5. Pro forma statement of operations adjustments—Connecticut Operations:

 

(a) This adjustment reflects results of operations related to contracts, primarily with unaffiliated third parties that were not transferred to Frontier in the Connecticut Acquisition.

 

(b) This adjustment reflects the incremental change related to contracts with AT&T affiliates that were transferred to Frontier under modified terms.

 

(c) This adjustment reflects results of operations related to certain operations (substantially with AT&T affiliates) that did not continue after the closing of the Connecticut Acquisition.

 

(d) This adjustment reflects the reclassification of bad debt expense from cost and expenses to revenue.

 

(e) This adjustment reflects the reclassification of allocated depreciation and amortization from cost and expenses to depreciation and amortization.

 

(f) This adjustment reflects pension, other postretirement employee benefits of retirees and postemployment benefits retained by AT&T based on the terms of the AT&T Purchase Agreement whereby the pension and OPEB obligations related to active employees only were transferred to Frontier and pension obligations were fully funded as of the October 24, 2014 closing date of the Connecticut Acquisition.

 

(g) This adjustment reflects the removal of costs related to employee headcount that were not transferred to Frontier associated with the adjustment described in 5(c) above.

 

(h) This adjustment reflects the removal of royalty expense charged by AT&T for the use of its name and trademark that did not continue after the Connecticut Acquisition.

 

(i)

This adjustment reflects additional amortization expense associated with the customer list asset acquired from AT&T assuming an accelerated method of amortization and an estimated useful life of ten years, which corresponds to an increase in depreciation and amortization expense of $64 million for the year ended December 31, 2014. Amortization expense, based on our current estimate of useful lives, is


  estimated to be approximately $76 million, $67 million, $57 million, $48 million and $38 million for the years ended December 31, 2015, 2016, 2017, 2018 and 2019, respectively. No adjustment has been reflected for depreciation expense.

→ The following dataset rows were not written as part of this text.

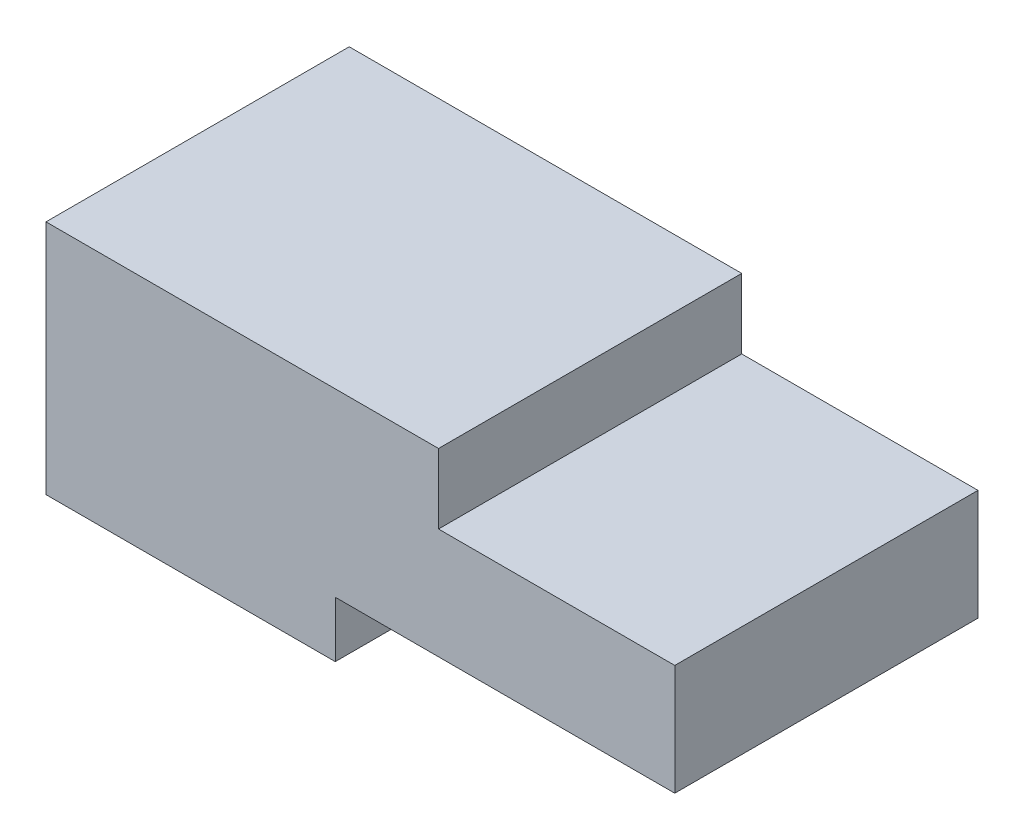
SolidWorks part; units mm, degrees
ref_plane "Front Plane" through (0, 0, 0) normal (0, 0, 1) x (1, 0, 0)
ref_plane "Top Plane" through (0, 0, 0) normal (0, 1, 0) x (1, 0, 0)
ref_plane "Right Plane" through (0, 0, 0) normal (1, 0, 0) x (0, 0, -1)
sketch "Sketch1" plane through (0, 0, 0) normal (0, 1, 0) x (1, 0, 0)
  line L1 (0, 0) -> (33.8, 0)
  line L2 (0, 0) -> (0, 16.3)
  line L3 (0, 16.3) -> (33.8, 16.3)
  line L4 (33.8, 0) -> (33.8, 16.3)
  dimension "D1" = 33.8
  dimension "D2" = 16.3
extrude "Boss-Extrude1" add sketch "Sketch1" against normal blind 12.7
sketch "Sketch2" plane through (0, 0, 0) normal (0, 0, 1) x (1, 0, 0)
  line L0 (0, -12.7) -> (33.8, -12.7) construction
  line L1 (15.55, -12.7) -> (33.8, -12.7)
  line L2 (15.55, -12.7) -> (15.55, -9.7)
  line L3 (15.55, -9.7) -> (33.8, -9.7)
  line L4 (33.8, -12.7) -> (33.8, -9.7)
  line L5 (33.8, -12.7) -> (33.8, 0) construction
  line L6 (0, 0) -> (33.8, 0) construction
  line L7 (21.1, 0) -> (33.8, 0)
  line L8 (21.1, 0) -> (21.1, -3.75)
  line L9 (21.1, -3.75) -> (33.8, -3.75)
  line L10 (33.8, 0) -> (33.8, -3.75)
  dimension "D1" = 3
  dimension "D2" = 3.75
  dimension "D3" = 18.25
  dimension "D4" = 12.7
extrude "Cut-Extrude1" cut sketch "Sketch2" against normal through all
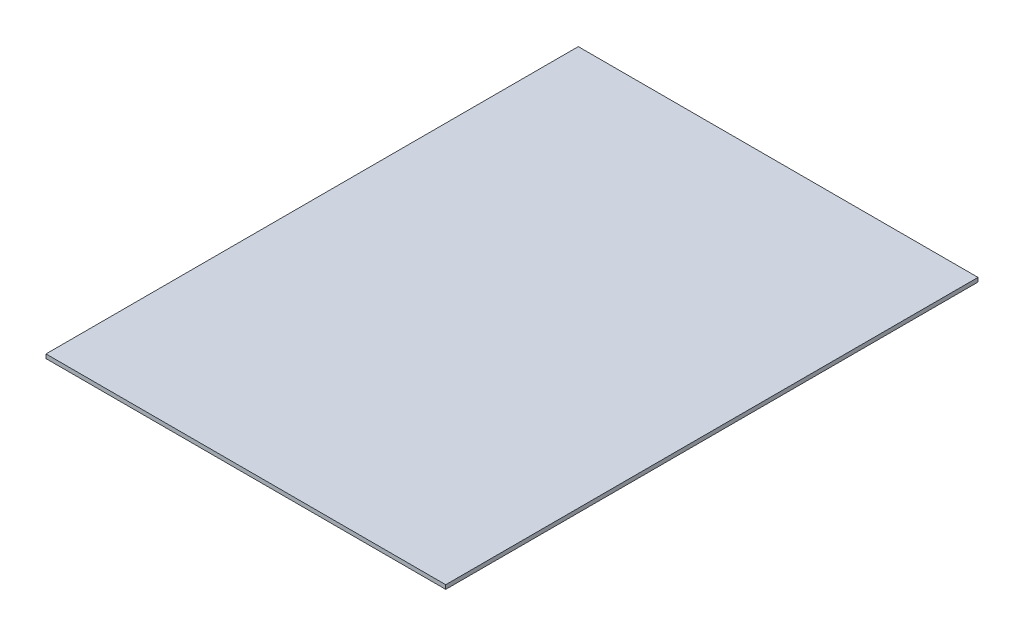
SolidWorks part; units mm, degrees
material "Pine"
ref_plane "Front Plane" through (0, 0, 0) normal (0, 0, 1) x (1, 0, 0)
ref_plane "Top Plane" through (0, 0, 0) normal (0, 1, 0) x (1, 0, 0)
ref_plane "Right Plane" through (0, 0, 0) normal (1, 0, 0) x (0, 0, -1)
sketch "Sketch1" plane through (0, 0, 0) normal (0, 1, 0) x (1, 0, 0)
  line L1 (0, 0) -> (622.3, 0)
  line L2 (0, 0) -> (0, 828.675)
  line L3 (0, 828.675) -> (622.3, 828.675)
  line L4 (622.3, 0) -> (622.3, 828.675)
  dimension "D1" = 622.3
  dimension "D2" = 828.675
extrude "Boss-Extrude1" add sketch "Sketch1" along normal blind 6.35

The actual depreciation and amortization expense will be based on the final fair value attributed to the identifiable tangible and intangible assets based upon the results of the third-party valuation of the acquired assets. The depreciation and amortization rates may also change based on the results of this third-party valuation. There can be no assurance that the actual depreciation and amortization expense will not differ significantly from the pro forma adjustment presented.

 

(j) This adjustment reflects additional interest expense on the $1,550 million aggregate principal amount of senior notes related to the debt offering in September 2014 and the $350 million CoBank Connecticut Acquisition Facility ($71 million for the year ended December 31, 2014), based on an assumed weighted average interest rate of 6.68% for the year ended December 31, 2014 and the elimination of interest expense related to a bridge loan agreement.

 

(k) This adjustment reflects the removal of acquisition and integration expenses related to costs incurred by Frontier in connection with the Connecticut Acquisition.

 

(l) This adjustment reflects the income tax effect of the pro forma adjustments described in notes 5(a) through 5(k) above, using an estimated effective income tax rate of 38%.